Так вот о чем думает он, Тихон Тихонович, вот где его боль: Сталинград! Каждый день начинается и кончается скупым, но запоминающимся до единого слова сообщением о боях под Сталинградом. Там горит не только земля, но и сама река: из разбитых судов выливается нефть, бомбы зажигают ее, и вот горит вода. Сталинград теперь у всех на устах – такую боль легко понять.
– Ну что же, Тихон Тихонович, – не сразу отозвалась Авдотья, – твоя забота – наша забота. Душа у всех тревожится, иной раз чего только в голову не взбредет: страшная война… А все-таки никто, ни один человек, тебе не поверит, если скажешь: жить нам под немцем.
– А чего мы тут знаем?
– Как ты сказал? – Авдотья прямо взглянула ему в лицо, для чего ей пришлось высоко поднять голову. – Что это ты? Русская земля еще ни под кем не была.
– Да я не про то…
Он помолчал, думая о своем. Потом смутно, отрывисто проговорил:
– Одиннадцать лет городили… шутка ли… Я про то говорю, ну-ка перевернется… куда нам тогда? Сад вон развели. Ты вникай: яблоням пятый годок. Все равно как дите.
Он махнул здоровой рукой и смолк.
Авдотья знала: расспрашивать – пользы не будет. И, как сумела, сама истолковала его слова. Одиннадцать лет, – значит, ведет он счет от первого колхозного года. «Городили, а теперь вдруг перевернется». Вот упрямый человек: это он о войне. Страшится конца ее, гадает, как в темном лесу.
Голос у Авдотьи зазвенел от гнева, когда она заговорила:
– Ты, Тихон Тихонович, моложе меня, наверное, лет на пятнадцать. Вроде как младший брат. Старым людям, сам знаешь, лжа не к лицу. Вот слушай, что тебе скажу: скорее земля расколется пополам, чем жизнь перевернется.
Он пошевелил губами, не глядя на нее. Потом она расслышала:
– Так ведь я не про то. Трое, говорю, в горячем месте. Покосит всех, тогда…
Опять человек свернул в сторону, перекинулся на сынов, вот и поговори с ним.

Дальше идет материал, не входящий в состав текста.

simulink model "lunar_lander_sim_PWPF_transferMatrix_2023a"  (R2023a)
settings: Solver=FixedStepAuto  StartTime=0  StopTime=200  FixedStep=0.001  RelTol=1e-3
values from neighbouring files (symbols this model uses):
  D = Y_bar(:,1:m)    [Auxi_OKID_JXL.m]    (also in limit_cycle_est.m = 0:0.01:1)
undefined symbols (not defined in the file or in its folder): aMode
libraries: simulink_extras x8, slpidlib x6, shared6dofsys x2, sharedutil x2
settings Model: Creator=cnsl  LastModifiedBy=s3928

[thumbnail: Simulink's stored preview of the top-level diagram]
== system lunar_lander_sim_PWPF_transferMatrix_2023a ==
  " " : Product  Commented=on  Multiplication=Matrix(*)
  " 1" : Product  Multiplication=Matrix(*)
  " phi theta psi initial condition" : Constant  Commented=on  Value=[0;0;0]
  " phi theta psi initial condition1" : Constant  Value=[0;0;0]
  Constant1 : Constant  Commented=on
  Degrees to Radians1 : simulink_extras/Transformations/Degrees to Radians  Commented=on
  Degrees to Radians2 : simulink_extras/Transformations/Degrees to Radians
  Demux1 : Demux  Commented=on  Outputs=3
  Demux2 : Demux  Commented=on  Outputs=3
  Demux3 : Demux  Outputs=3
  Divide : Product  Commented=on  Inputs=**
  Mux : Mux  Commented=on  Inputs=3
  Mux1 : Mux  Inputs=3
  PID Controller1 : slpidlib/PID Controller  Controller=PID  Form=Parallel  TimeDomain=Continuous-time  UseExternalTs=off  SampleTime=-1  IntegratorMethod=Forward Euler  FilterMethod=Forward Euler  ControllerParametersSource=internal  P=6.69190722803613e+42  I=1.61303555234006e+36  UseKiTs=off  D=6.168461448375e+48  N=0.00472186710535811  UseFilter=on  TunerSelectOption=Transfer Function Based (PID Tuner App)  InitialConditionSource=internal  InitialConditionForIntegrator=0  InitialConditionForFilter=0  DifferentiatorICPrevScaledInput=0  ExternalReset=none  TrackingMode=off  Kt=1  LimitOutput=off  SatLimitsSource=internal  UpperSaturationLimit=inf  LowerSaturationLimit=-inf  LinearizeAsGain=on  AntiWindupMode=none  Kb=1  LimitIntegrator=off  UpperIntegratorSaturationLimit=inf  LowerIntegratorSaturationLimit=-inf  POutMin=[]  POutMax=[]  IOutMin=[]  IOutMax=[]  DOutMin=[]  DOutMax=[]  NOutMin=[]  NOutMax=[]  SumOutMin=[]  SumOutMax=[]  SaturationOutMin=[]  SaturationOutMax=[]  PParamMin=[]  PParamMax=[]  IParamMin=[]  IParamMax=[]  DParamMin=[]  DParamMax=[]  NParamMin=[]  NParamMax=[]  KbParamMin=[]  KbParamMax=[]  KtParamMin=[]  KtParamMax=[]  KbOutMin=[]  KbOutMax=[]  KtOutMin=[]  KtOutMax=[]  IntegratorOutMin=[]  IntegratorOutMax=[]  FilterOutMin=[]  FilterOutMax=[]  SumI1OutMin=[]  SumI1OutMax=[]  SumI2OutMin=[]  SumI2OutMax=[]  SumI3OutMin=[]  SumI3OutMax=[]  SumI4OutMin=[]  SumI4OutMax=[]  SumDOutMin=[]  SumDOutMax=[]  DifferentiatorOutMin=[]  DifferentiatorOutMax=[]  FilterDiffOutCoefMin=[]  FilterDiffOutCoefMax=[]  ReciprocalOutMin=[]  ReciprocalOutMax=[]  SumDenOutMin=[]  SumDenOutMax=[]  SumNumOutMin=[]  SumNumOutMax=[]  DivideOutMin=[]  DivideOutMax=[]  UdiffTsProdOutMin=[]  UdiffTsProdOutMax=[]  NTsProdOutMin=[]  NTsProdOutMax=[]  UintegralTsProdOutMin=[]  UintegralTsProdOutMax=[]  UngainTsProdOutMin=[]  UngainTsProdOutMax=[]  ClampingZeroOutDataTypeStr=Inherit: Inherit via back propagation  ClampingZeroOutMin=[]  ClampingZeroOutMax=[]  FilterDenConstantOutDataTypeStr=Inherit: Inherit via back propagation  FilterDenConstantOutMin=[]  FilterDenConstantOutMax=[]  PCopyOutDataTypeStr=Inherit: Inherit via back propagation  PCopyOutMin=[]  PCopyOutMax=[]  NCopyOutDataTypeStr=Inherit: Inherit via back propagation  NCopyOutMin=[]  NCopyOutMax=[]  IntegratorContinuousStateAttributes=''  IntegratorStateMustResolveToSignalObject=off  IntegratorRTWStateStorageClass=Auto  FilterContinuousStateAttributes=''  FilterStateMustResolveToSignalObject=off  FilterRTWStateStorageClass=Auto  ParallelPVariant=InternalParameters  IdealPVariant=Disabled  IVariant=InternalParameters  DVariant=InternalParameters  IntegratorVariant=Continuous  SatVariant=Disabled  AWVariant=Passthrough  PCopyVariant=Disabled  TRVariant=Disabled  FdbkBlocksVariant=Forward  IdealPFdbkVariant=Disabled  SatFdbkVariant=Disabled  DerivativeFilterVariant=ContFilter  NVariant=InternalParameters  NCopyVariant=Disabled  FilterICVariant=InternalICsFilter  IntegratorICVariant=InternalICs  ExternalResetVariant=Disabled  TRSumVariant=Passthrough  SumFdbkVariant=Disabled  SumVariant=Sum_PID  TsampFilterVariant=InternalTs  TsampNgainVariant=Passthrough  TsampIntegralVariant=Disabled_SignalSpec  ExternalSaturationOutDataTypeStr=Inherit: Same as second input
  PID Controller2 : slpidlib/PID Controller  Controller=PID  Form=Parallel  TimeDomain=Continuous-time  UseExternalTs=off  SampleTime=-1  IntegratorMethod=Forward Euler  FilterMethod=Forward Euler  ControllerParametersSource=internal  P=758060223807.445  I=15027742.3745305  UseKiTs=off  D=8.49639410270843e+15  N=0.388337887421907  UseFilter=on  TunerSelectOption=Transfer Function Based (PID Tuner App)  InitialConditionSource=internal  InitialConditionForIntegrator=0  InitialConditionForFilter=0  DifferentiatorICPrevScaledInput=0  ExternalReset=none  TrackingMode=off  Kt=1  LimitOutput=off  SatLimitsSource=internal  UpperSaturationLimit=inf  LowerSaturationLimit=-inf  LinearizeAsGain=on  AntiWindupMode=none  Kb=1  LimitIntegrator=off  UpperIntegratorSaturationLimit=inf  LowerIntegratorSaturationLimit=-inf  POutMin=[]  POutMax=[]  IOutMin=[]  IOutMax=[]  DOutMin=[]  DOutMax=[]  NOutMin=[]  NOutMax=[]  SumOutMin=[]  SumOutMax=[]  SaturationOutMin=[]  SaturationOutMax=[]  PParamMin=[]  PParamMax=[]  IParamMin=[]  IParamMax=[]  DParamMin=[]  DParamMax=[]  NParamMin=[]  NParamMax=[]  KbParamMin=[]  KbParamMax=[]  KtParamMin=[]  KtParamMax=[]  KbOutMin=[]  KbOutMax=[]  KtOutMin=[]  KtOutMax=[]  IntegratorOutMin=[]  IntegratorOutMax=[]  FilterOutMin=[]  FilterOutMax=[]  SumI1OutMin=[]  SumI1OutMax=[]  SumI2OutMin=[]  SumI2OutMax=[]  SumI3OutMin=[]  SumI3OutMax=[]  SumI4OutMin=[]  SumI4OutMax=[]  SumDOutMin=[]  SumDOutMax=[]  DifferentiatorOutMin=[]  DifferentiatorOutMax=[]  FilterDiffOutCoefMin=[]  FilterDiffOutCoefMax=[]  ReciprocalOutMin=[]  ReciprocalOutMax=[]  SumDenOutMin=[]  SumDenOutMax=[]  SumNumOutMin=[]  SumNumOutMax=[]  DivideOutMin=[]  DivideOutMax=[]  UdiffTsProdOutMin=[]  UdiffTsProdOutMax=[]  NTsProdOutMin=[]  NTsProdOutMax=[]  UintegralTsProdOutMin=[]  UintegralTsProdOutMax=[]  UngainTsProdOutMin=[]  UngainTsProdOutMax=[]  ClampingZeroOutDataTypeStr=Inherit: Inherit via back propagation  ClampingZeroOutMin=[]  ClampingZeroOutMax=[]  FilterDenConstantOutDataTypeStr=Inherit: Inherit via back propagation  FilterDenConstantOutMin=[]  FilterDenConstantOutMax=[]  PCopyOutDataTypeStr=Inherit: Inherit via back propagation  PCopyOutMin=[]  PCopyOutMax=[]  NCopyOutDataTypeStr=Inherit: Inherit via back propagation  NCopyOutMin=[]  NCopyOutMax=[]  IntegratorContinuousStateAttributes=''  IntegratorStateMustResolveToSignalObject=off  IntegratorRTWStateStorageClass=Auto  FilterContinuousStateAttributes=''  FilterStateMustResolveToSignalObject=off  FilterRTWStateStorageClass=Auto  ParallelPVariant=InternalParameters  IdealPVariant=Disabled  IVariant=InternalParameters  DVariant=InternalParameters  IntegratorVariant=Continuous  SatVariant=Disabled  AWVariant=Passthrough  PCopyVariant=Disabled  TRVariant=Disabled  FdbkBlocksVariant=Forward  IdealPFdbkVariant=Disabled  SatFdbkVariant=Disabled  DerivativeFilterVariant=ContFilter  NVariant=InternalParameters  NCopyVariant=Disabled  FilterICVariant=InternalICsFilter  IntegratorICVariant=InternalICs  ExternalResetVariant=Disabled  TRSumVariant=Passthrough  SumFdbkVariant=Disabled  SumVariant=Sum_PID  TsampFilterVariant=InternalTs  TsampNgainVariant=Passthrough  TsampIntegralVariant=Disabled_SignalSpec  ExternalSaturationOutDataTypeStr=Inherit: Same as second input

– Скажу тебе так, Тихон Тихонович, слушай… – Голос у Авдотьи окреп. – Не все черные дни у нас будут, не все будни да слезы. Придет конец войне. Может, не скоро, через мучения, через кровь, а придет победа, слышишь, отец? Сыны наши – кому не свете еще жить – возвернутся домой.
Что-то дрогнуло, изменилось, расплавилось в волосатом крутолобом лице садовода. Робкая, еще неуверенная улыбка исподволь стала разгораться в глубине глаз, укрытых густыми бровями.
– Это… спасибо, значит, тебе, – пробурчал он, с удивлением глядя на тонкое, взволнованное, не по-старушечьи разрумянившееся лицо Авдотьи.
Она твердо повторила:
– Жди своих сынов, верь, придут.
Тихон Тихонович поднял, словно загораживаясь, здоровую руку, обрубок же у него мучительно задергался.
– Ты не дрожи, – тихо, певуче сказала Авдотья. – Народ тебе спасибо скажет за твой-то яблоньки… Попомни меня: скажет. А помрешь ты – все равно память о тебе в деревьях расти будет. Вот он – твой следок на земле.
Тихон шел, опустив тяжелую голову. Раза три пытался что-то сказать, но ничего не сказал: не дано было слово этому человеку.
Авдотья больше не тревожила его.
Она думала о том, что если даже вот эта земля, прослоенная зыбучим песком, уродила яблони, то должны же зацвести сады в черноземной степи, в Утевке, в Ероховке, в Игнашкине. Зацветут сады, разольются моря хлебов. Родилась же новая жизнь в старом, засиженном кулацком гнезде! Значит, землю можно напоить, накормить, придать ей такую силу, чтобы она зачинала хлеб, как молодая мать зачинает дитя.